Worked on a tile mosaic. Also spent some time playing World of Warcraft with my girlfriend which hopefully cheered her up some.


----------



## ChickenNugget

Good stuff, guys. Every little positive step helps... 
I know this thread will inspire me.

went for a short walk


----------



## Patriot

Work out!


----------



## angelsfood

This site has been interesting to me and has helped: cuttingthroughthematrix.com


----------



## Kakumbus

I ate fermented raw meat, I ate feces, raw fruit diet, I plugged a bunch of stuff up my *** (enemas) and now I'm going for a 21 day fast.


----------



## McFly

I downloaded some new meditation videos and later went downtown and made good solid eye contact with almost everyone I came across.


----------



## Worthlesshuman

Nothing, I have depression so i just ate and slept


----------



## inane

I went to work and made money that I'll need for another trip across the country.


----------



## deeeanabanana

I worked out
Didn't fight with my grandma 
Watched documentary about fear and stupidity


----------



## inane

Went to work again, added another bit of receivable to the pile.


----------



## vanishingpt

Got a new treadmill and tested it out today.
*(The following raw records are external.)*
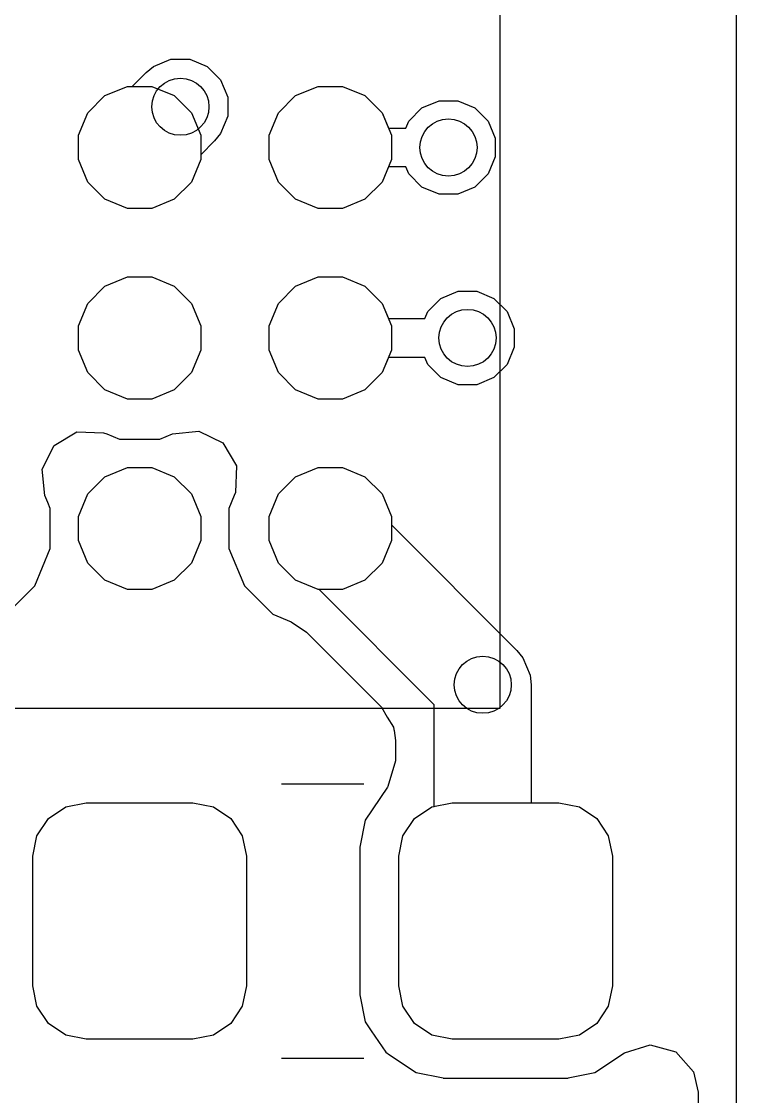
# Model space of a CAD drawing. Extents: x -28 to 34.6, y -6.7 to 48.3.
# Drawn here: x -1.875 to 0, y 11.371 to 14.192 of the extents above; entities that cross this region are included whole.
import ezdxf

# ---------------------------------------------------------------- set-up
doc = ezdxf.new("R2010")
doc.units = 0
doc.layers.add('BLACK', color=7, linetype='CONTINUOUS')

msp = doc.modelspace()

# ---------------------------------------------------------------- linework, layer by layer
at = {"layer": 'BLACK', "linetype": 'CONTINUOUS'}
for p, q in [((0, 0), (0, 15.4)), ((-0.620668, 14.291502), (-0.620668, 12.389002)), ((-1.529326, 14.073998), (-1.483545, 14.092961)), ((-1.483545, 14.092961), (-1.433991, 14.092961)), ((-1.433991, 14.092961), (-1.38821, 14.073998)), ((-1.584915, 14.02186), (-1.548571, 14.058204)), ((-1.548571, 14.058204), (-1.529326, 14.073998)), ((-1.38821, 14.073998), (-1.353172, 14.03896)), ((-1.656504, 13.997447), (-1.597565, 14.02186)), ((-1.656504, 13.997447), (-1.597565, 14.02186)), ((-1.656504, 13.997447), (-1.597565, 14.02186)), ((-1.597565, 14.02186), (-1.584915, 14.02186)), ((-1.597565, 14.02186), (-1.533771, 14.02186)), ((-1.597565, 14.02186), (-1.533771, 14.02186)), ((-1.533771, 14.02186), (-1.474832, 13.997447)), ((-1.533771, 14.02186), (-1.474832, 13.997447)), ((-1.353172, 14.03896), (-1.334209, 13.993179)), ((-1.156504, 13.997447), (-1.097565, 14.02186)), ((-1.156504, 13.997447), (-1.097565, 14.02186)), ((-1.156504, 13.997447), (-1.097565, 14.02186)), ((-1.097565, 14.02186), (-1.033771, 14.02186)), ((-1.097565, 14.02186), (-1.033771, 14.02186)), ((-1.097565, 14.02186), (-1.033771, 14.02186)), ((-1.033771, 14.02186), (-0.974832, 13.997447)), ((-1.033771, 14.02186), (-0.974832, 13.997447)), ((-1.033771, 14.02186), (-0.974832, 13.997447)), ((-1.701613, 13.952338), (-1.656504, 13.997447)), ((-1.701613, 13.952338), (-1.656504, 13.997447)), ((-1.701613, 13.952338), (-1.656504, 13.997447)), ((-1.474832, 13.997447), (-1.429723, 13.952338)), ((-1.474832, 13.997447), (-1.429723, 13.952338)), ((-1.201613, 13.952338), (-1.156504, 13.997447)), ((-1.201613, 13.952338), (-1.156504, 13.997447)), ((-1.201613, 13.952338), (-1.156504, 13.997447)), ((-0.974832, 13.997447), (-0.929723, 13.952338)), ((-0.974832, 13.997447), (-0.929723, 13.952338)), ((-0.974832, 13.997447), (-0.929723, 13.952338)), ((-1.334209, 13.993179), (-1.334209, 13.943625)), ((-0.859602, 13.930948), (-0.825114, 13.965436)), ((-0.825114, 13.965436), (-0.780054, 13.9841)), ((-0.780054, 13.9841), (-0.731282, 13.9841)), ((-0.731282, 13.9841), (-0.686222, 13.965436)), ((-0.686222, 13.965436), (-0.651734, 13.930948)), ((-1.726026, 13.893399), (-1.701613, 13.952338)), ((-1.726026, 13.893399), (-1.701613, 13.952338)), ((-1.726026, 13.893399), (-1.701613, 13.952338)), ((-1.429723, 13.952338), (-1.40531, 13.893399)), ((-1.429723, 13.952338), (-1.40531, 13.893399)), ((-1.334209, 13.943625), (-1.353172, 13.897844)), ((-1.226026, 13.893399), (-1.201613, 13.952338)), ((-1.226026, 13.893399), (-1.201613, 13.952338)), ((-1.226026, 13.893399), (-1.201613, 13.952338)), ((-0.929723, 13.952338), (-0.91314, 13.912302)), ((-0.929723, 13.952338), (-0.90531, 13.893399)), ((-0.929723, 13.952338), (-0.90531, 13.893399)), ((-0.91314, 13.912302), (-0.867325, 13.912302)), ((-0.867325, 13.912302), (-0.859602, 13.930948)), ((-0.651734, 13.930948), (-0.63307, 13.885888)), ((-1.726026, 13.829605), (-1.726026, 13.893399)), ((-1.726026, 13.829605), (-1.726026, 13.893399)), ((-1.726026, 13.829605), (-1.726026, 13.893399)), ((-1.40531, 13.893399), (-1.40531, 13.829605)), ((-1.40531, 13.893399), (-1.40531, 13.829605)), ((-1.353172, 13.897844), (-1.368966, 13.878599)), ((-1.226026, 13.829605), (-1.226026, 13.893399)), ((-1.226026, 13.829605), (-1.226026, 13.893399)), ((-1.226026, 13.829605), (-1.226026, 13.893399)), ((-0.90531, 13.893399), (-0.90531, 13.829605)), ((-0.90531, 13.893399), (-0.90531, 13.829605)), ((-0.63307, 13.885888), (-0.63307, 13.837116)), ((-1.368966, 13.878599), (-1.40531, 13.842255)), ((-1.701613, 13.770666), (-1.726026, 13.829605)), ((-1.701613, 13.770666), (-1.726026, 13.829605)), ((-1.701613, 13.770666), (-1.726026, 13.829605)), ((-1.40531, 13.829605), (-1.429723, 13.770666)), ((-1.40531, 13.829605), (-1.429723, 13.770666)), ((-1.40531, 13.829605), (-1.429723, 13.770666)), ((-1.40531, 13.842255), (-1.40531, 13.829605)), ((-1.201613, 13.770666), (-1.226026, 13.829605)), ((-1.201613, 13.770666), (-1.226026, 13.829605)), ((-1.201613, 13.770666), (-1.226026, 13.829605)), ((-0.90531, 13.829605), (-0.929723, 13.770666)), ((-0.90531, 13.829605), (-0.929723, 13.770666)), ((-0.63307, 13.837116), (-0.651734, 13.792056)), ((-0.91314, 13.810702), (-0.929723, 13.770666)), ((-0.867325, 13.810702), (-0.91314, 13.810702)), ((-0.859602, 13.792056), (-0.867325, 13.810702)), ((-1.656504, 13.725557), (-1.701613, 13.770666)), ((-1.656504, 13.725557), (-1.701613, 13.770666)), ((-1.656504, 13.725557), (-1.701613, 13.770666)), ((-1.429723, 13.770666), (-1.474832, 13.725557)), ((-1.429723, 13.770666), (-1.474832, 13.725557)), ((-1.429723, 13.770666), (-1.474832, 13.725557)), ((-1.156504, 13.725557), (-1.201613, 13.770666)), ((-1.156504, 13.725557), (-1.201613, 13.770666)), ((-1.156504, 13.725557), (-1.201613, 13.770666)), ((-0.929723, 13.770666), (-0.974832, 13.725557)), ((-0.929723, 13.770666), (-0.974832, 13.725557)), ((-0.929723, 13.770666), (-0.974832, 13.725557)), ((-0.825114, 13.757568), (-0.859602, 13.792056)), ((-0.651734, 13.792056), (-0.686222, 13.757568)), ((-0.780054, 13.738904), (-0.825114, 13.757568)), ((-0.686222, 13.757568), (-0.731282, 13.738904)), ((-1.597565, 13.701144), (-1.656504, 13.725557)), ((-1.597565, 13.701144), (-1.656504, 13.725557)), ((-1.597565, 13.701144), (-1.656504, 13.725557)), ((-1.474832, 13.725557), (-1.533771, 13.701144)), ((-1.474832, 13.725557), (-1.533771, 13.701144)), ((-1.474832, 13.725557), (-1.533771, 13.701144)), ((-1.097565, 13.701144), (-1.156504, 13.725557)), ((-1.097565, 13.701144), (-1.156504, 13.725557)), ((-1.097565, 13.701144), (-1.156504, 13.725557)), ((-0.974832, 13.725557), (-1.033771, 13.701144)), ((-0.974832, 13.725557), (-1.033771, 13.701144)), ((-0.974832, 13.725557), (-1.033771, 13.701144)), ((-0.731282, 13.738904), (-0.780054, 13.738904)), ((-1.533771, 13.701144), (-1.597565, 13.701144)), ((-1.533771, 13.701144), (-1.597565, 13.701144)), ((-1.533771, 13.701144), (-1.597565, 13.701144)), ((-1.033771, 13.701144), (-1.097565, 13.701144)), ((-1.033771, 13.701144), (-1.097565, 13.701144)), ((-1.033771, 13.701144), (-1.097565, 13.701144)), ((-1.656504, 13.497447), (-1.597565, 13.52186)), ((-1.656504, 13.497447), (-1.597565, 13.52186)), ((-1.656504, 13.497447), (-1.597565, 13.52186)), ((-1.597565, 13.52186), (-1.533771, 13.52186)), ((-1.597565, 13.52186), (-1.533771, 13.52186)), ((-1.597565, 13.52186), (-1.533771, 13.52186)), ((-1.533771, 13.52186), (-1.474832, 13.497447)), ((-1.533771, 13.52186), (-1.474832, 13.497447)), ((-1.533771, 13.52186), (-1.474832, 13.497447)), ((-1.156504, 13.497447), (-1.097565, 13.52186)), ((-1.156504, 13.497447), (-1.097565, 13.52186)), ((-1.156504, 13.497447), (-1.097565, 13.52186)), ((-1.097565, 13.52186), (-1.033771, 13.52186)), ((-1.097565, 13.52186), (-1.033771, 13.52186)), ((-1.097565, 13.52186), (-1.033771, 13.52186)), ((-1.033771, 13.52186), (-0.974832, 13.497447)), ((-1.033771, 13.52186), (-0.974832, 13.497447)), ((-1.033771, 13.52186), (-0.974832, 13.497447)), ((-1.701613, 13.452338), (-1.656504, 13.497447)), ((-1.701613, 13.452338), (-1.656504, 13.497447)), ((-1.701613, 13.452338), (-1.656504, 13.497447)), ((-1.474832, 13.497447), (-1.429723, 13.452338)), ((-1.474832, 13.497447), (-1.429723, 13.452338)), ((-1.474832, 13.497447), (-1.429723, 13.452338)), ((-1.201613, 13.452338), (-1.156504, 13.497447)), ((-1.201613, 13.452338), (-1.156504, 13.497447)), ((-1.201613, 13.452338), (-1.156504, 13.497447)), ((-0.974832, 13.497447), (-0.929723, 13.452338)), ((-0.974832, 13.497447), (-0.929723, 13.452338)), ((-0.974832, 13.497447), (-0.929723, 13.452338)), ((-0.809602, 13.430948), (-0.775114, 13.465436)), ((-0.775114, 13.465436), (-0.730054, 13.4841)), ((-0.730054, 13.4841), (-0.681282, 13.4841)), ((-0.681282, 13.4841), (-0.636222, 13.465436)), ((-0.636222, 13.465436), (-0.601734, 13.430948)), ((-1.726026, 13.393399), (-1.701613, 13.452338)), ((-1.726026, 13.393399), (-1.701613, 13.452338)), ((-1.726026, 13.393399), (-1.701613, 13.452338)), ((-1.429723, 13.452338), (-1.40531, 13.393399)), ((-1.429723, 13.452338), (-1.40531, 13.393399)), ((-1.429723, 13.452338), (-1.40531, 13.393399)), ((-1.226026, 13.393399), (-1.201613, 13.452338)), ((-1.226026, 13.393399), (-1.201613, 13.452338)), ((-1.226026, 13.393399), (-1.201613, 13.452338)), ((-0.929723, 13.452338), (-0.91314, 13.412302)), ((-0.929723, 13.452338), (-0.90531, 13.393399)), ((-0.929723, 13.452338), (-0.90531, 13.393399)), ((-0.817325, 13.412302), (-0.809602, 13.430948)), ((-0.601734, 13.430948), (-0.58307, 13.385888)), ((-0.91314, 13.412302), (-0.817325, 13.412302)), ((-1.726026, 13.329605), (-1.726026, 13.393399)), ((-1.726026, 13.329605), (-1.726026, 13.393399)), ((-1.726026, 13.329605), (-1.726026, 13.393399)), ((-1.40531, 13.393399), (-1.40531, 13.329605)), ((-1.40531, 13.393399), (-1.40531, 13.329605)), ((-1.40531, 13.393399), (-1.40531, 13.329605)), ((-1.226026, 13.329605), (-1.226026, 13.393399)), ((-1.226026, 13.329605), (-1.226026, 13.393399)), ((-1.226026, 13.329605), (-1.226026, 13.393399)), ((-0.90531, 13.393399), (-0.90531, 13.329605)), ((-0.90531, 13.393399), (-0.90531, 13.329605)), ((-0.58307, 13.385888), (-0.58307, 13.337116)), ((-1.701613, 13.270666), (-1.726026, 13.329605)), ((-1.701613, 13.270666), (-1.726026, 13.329605)), ((-1.701613, 13.270666), (-1.726026, 13.329605)), ((-1.40531, 13.329605), (-1.429723, 13.270666)), ((-1.40531, 13.329605), (-1.429723, 13.270666)), ((-1.40531, 13.329605), (-1.429723, 13.270666)), ((-1.201613, 13.270666), (-1.226026, 13.329605)), ((-1.201613, 13.270666), (-1.226026, 13.329605)), ((-1.201613, 13.270666), (-1.226026, 13.329605)), ((-0.90531, 13.329605), (-0.929723, 13.270666)), ((-0.90531, 13.329605), (-0.929723, 13.270666)), ((-0.58307, 13.337116), (-0.601734, 13.292056)), ((-0.91314, 13.310702), (-0.929723, 13.270666)), ((-0.817325, 13.310702), (-0.91314, 13.310702)), ((-0.809602, 13.292056), (-0.817325, 13.310702)), ((-0.775114, 13.257568), (-0.809602, 13.292056)), ((-0.601734, 13.292056), (-0.636222, 13.257568)), ((-1.656504, 13.225557), (-1.701613, 13.270666)), ((-1.656504, 13.225557), (-1.701613, 13.270666)), ((-1.656504, 13.225557), (-1.701613, 13.270666)), ((-1.429723, 13.270666), (-1.474832, 13.225557)), ((-1.429723, 13.270666), (-1.474832, 13.225557)), ((-1.429723, 13.270666), (-1.474832, 13.225557)), ((-1.156504, 13.225557), (-1.201613, 13.270666)), ((-1.156504, 13.225557), (-1.201613, 13.270666)), ((-1.156504, 13.225557), (-1.201613, 13.270666)), ((-0.929723, 13.270666), (-0.974832, 13.225557)), ((-0.929723, 13.270666), (-0.974832, 13.225557)), ((-0.929723, 13.270666), (-0.974832, 13.225557)), ((-0.730054, 13.238904), (-0.775114, 13.257568)), ((-0.681282, 13.238904), (-0.730054, 13.238904)), ((-0.636222, 13.257568), (-0.681282, 13.238904)), ((-1.597565, 13.201144), (-1.656504, 13.225557)), ((-1.597565, 13.201144), (-1.656504, 13.225557)), ((-1.597565, 13.201144), (-1.656504, 13.225557)), ((-1.474832, 13.225557), (-1.533771, 13.201144)), ((-1.474832, 13.225557), (-1.533771, 13.201144)), ((-1.474832, 13.225557), (-1.533771, 13.201144)), ((-1.097565, 13.201144), (-1.156504, 13.225557)), ((-1.097565, 13.201144), (-1.156504, 13.225557)), ((-1.097565, 13.201144), (-1.156504, 13.225557)), ((-0.974832, 13.225557), (-1.033771, 13.201144)), ((-0.974832, 13.225557), (-1.033771, 13.201144)), ((-0.974832, 13.225557), (-1.033771, 13.201144)), ((-1.533771, 13.201144), (-1.597565, 13.201144)), ((-1.533771, 13.201144), (-1.597565, 13.201144)), ((-1.533771, 13.201144), (-1.597565, 13.201144)), ((-1.033771, 13.201144), (-1.097565, 13.201144)), ((-1.033771, 13.201144), (-1.097565, 13.201144)), ((-1.033771, 13.201144), (-1.097565, 13.201144)), ((-1.790091, 13.079664), (-1.730003, 13.115317)), ((-1.730003, 13.115317), (-1.660178, 13.112824)), ((-1.660178, 13.112824), (-1.651881, 13.109729)), ((-1.651881, 13.109729), (-1.618504, 13.095904)), ((-1.618504, 13.095904), (-1.618499, 13.095902)), ((-1.618499, 13.095902), (-1.618498, 13.095902)), ((-1.618498, 13.095902), (-1.512838, 13.095902)), ((-1.512838, 13.095902), (-1.512837, 13.095902)), ((-1.512837, 13.095902), (-1.479457, 13.10973)), ((-1.479457, 13.10973), (-1.409988, 13.117199)), ((-1.409988, 13.117199), (-1.347508, 13.085926)), ((-1.821365, 13.017184), (-1.790091, 13.079664)), ((-1.347508, 13.085926), (-1.311854, 13.025838)), ((-1.813895, 12.947715), (-1.821365, 13.017184)), ((-1.656504, 12.997447), (-1.597565, 13.02186)), ((-1.656504, 12.997447), (-1.597565, 13.02186)), ((-1.597565, 13.02186), (-1.533771, 13.02186)), ((-1.597565, 13.02186), (-1.533771, 13.02186)), ((-1.533771, 13.02186), (-1.474832, 12.997447)), ((-1.533771, 13.02186), (-1.474832, 12.997447)), ((-1.311854, 13.025838), (-1.314347, 12.956012)), ((-1.156504, 12.997447), (-1.097565, 13.02186)), ((-1.156504, 12.997447), (-1.097565, 13.02186)), ((-1.156504, 12.997447), (-1.097565, 13.02186)), ((-1.097565, 13.02186), (-1.033771, 13.02186)), ((-1.097565, 13.02186), (-1.033771, 13.02186)), ((-1.097565, 13.02186), (-1.033771, 13.02186)), ((-1.033771, 13.02186), (-0.974832, 12.997447)), ((-1.033771, 13.02186), (-0.974832, 12.997447)), ((-1.033771, 13.02186), (-0.974832, 12.997447)), ((-1.701613, 12.952338), (-1.656504, 12.997447)), ((-1.701613, 12.952338), (-1.656504, 12.997447)), ((-1.474832, 12.997447), (-1.429723, 12.952338)), ((-1.474832, 12.997447), (-1.429723, 12.952338)), ((-1.201613, 12.952338), (-1.156504, 12.997447)), ((-1.201613, 12.952338), (-1.156504, 12.997447)), ((-1.201613, 12.952338), (-1.156504, 12.997447)), ((-0.974832, 12.997447), (-0.929723, 12.952338)), ((-0.974832, 12.997447), (-0.929723, 12.952338)), ((-0.974832, 12.997447), (-0.929723, 12.952338)), ((-1.726026, 12.893399), (-1.701613, 12.952338)), ((-1.726026, 12.893399), (-1.701613, 12.952338)), ((-1.429723, 12.952338), (-1.40531, 12.893399)), ((-1.429723, 12.952338), (-1.40531, 12.893399)), ((-1.314347, 12.956012), (-1.317441, 12.947717)), ((-1.226026, 12.893399), (-1.201613, 12.952338)), ((-1.226026, 12.893399), (-1.201613, 12.952338)), ((-1.226026, 12.893399), (-1.201613, 12.952338)), ((-0.929723, 12.952338), (-0.90531, 12.893399)), ((-0.929723, 12.952338), (-0.90531, 12.893399)), ((-0.929723, 12.952338), (-0.90531, 12.893399)), ((-1.80637, 12.929548), (-1.813895, 12.947715)), ((-1.800068, 12.914333), (-1.80637, 12.929548)), ((-1.317441, 12.947717), (-1.331267, 12.914339)), ((-1.800068, 12.808671), (-1.800068, 12.914333)), ((-1.726026, 12.829605), (-1.726026, 12.893399)), ((-1.726026, 12.829605), (-1.726026, 12.893399)), ((-1.40531, 12.893399), (-1.40531, 12.829605)), ((-1.40531, 12.893399), (-1.40531, 12.829605)), ((-1.331267, 12.914339), (-1.331268, 12.914334)), ((-1.331268, 12.914334), (-1.331268, 12.914333)), ((-1.331268, 12.914333), (-1.331268, 12.808671)), ((-1.226026, 12.829605), (-1.226026, 12.893399)), ((-1.226026, 12.829605), (-1.226026, 12.893399)), ((-1.226026, 12.829605), (-1.226026, 12.893399)), ((-0.90531, 12.893399), (-0.90531, 12.87075)), ((-0.90531, 12.893399), (-0.90531, 12.829605)), ((-0.90531, 12.893399), (-0.90531, 12.829605)), ((-0.90531, 12.87075), (-0.575866, 12.541305)), ((-1.840504, 12.711052), (-1.800068, 12.808671)), ((-1.701613, 12.770666), (-1.726026, 12.829605)), ((-1.701613, 12.770666), (-1.726026, 12.829605)), ((-1.40531, 12.829605), (-1.429723, 12.770666)), ((-1.40531, 12.829605), (-1.429723, 12.770666)), ((-1.331268, 12.808671), (-1.290832, 12.711052)), ((-1.201613, 12.770666), (-1.226026, 12.829605)), ((-1.201613, 12.770666), (-1.226026, 12.829605)), ((-1.201613, 12.770666), (-1.226026, 12.829605)), ((-0.90531, 12.829605), (-0.929723, 12.770666)), ((-0.90531, 12.829605), (-0.929723, 12.770666)), ((-1.656504, 12.725557), (-1.701613, 12.770666)), ((-1.656504, 12.725557), (-1.701613, 12.770666)), ((-1.429723, 12.770666), (-1.474832, 12.725557)), ((-1.429723, 12.770666), (-1.474832, 12.725557)), ((-1.156504, 12.725557), (-1.201613, 12.770666)), ((-1.156504, 12.725557), (-1.201613, 12.770666)), ((-1.156504, 12.725557), (-1.201613, 12.770666)), ((-0.929723, 12.770666), (-0.974832, 12.725557)), ((-0.929723, 12.770666), (-0.974832, 12.725557)), ((-1.597565, 12.701144), (-1.656504, 12.725557)), ((-1.597565, 12.701144), (-1.656504, 12.725557)), ((-1.474832, 12.725557), (-1.533771, 12.701144)), ((-1.474832, 12.725557), (-1.533771, 12.701144)), ((-1.097565, 12.701144), (-1.156504, 12.725557)), ((-1.097565, 12.701144), (-1.156504, 12.725557)), ((-1.097565, 12.701144), (-1.156504, 12.725557)), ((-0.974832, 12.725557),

Runs like a dream! I'm glad the last one broke though because it's given me more motive to run outside. Going to take advantage of that while the summer still lasts because up here it gets pretty damn cold during Fall/Winter.


----------



## inane

Applied to a dozen apartments.


----------



## starsfreak

I bought myself some sort of holiday-ticket. Paid 32 € once and now I can ride every bus and train in my state all summer long with just showing the ticket. Some friends invited me already. 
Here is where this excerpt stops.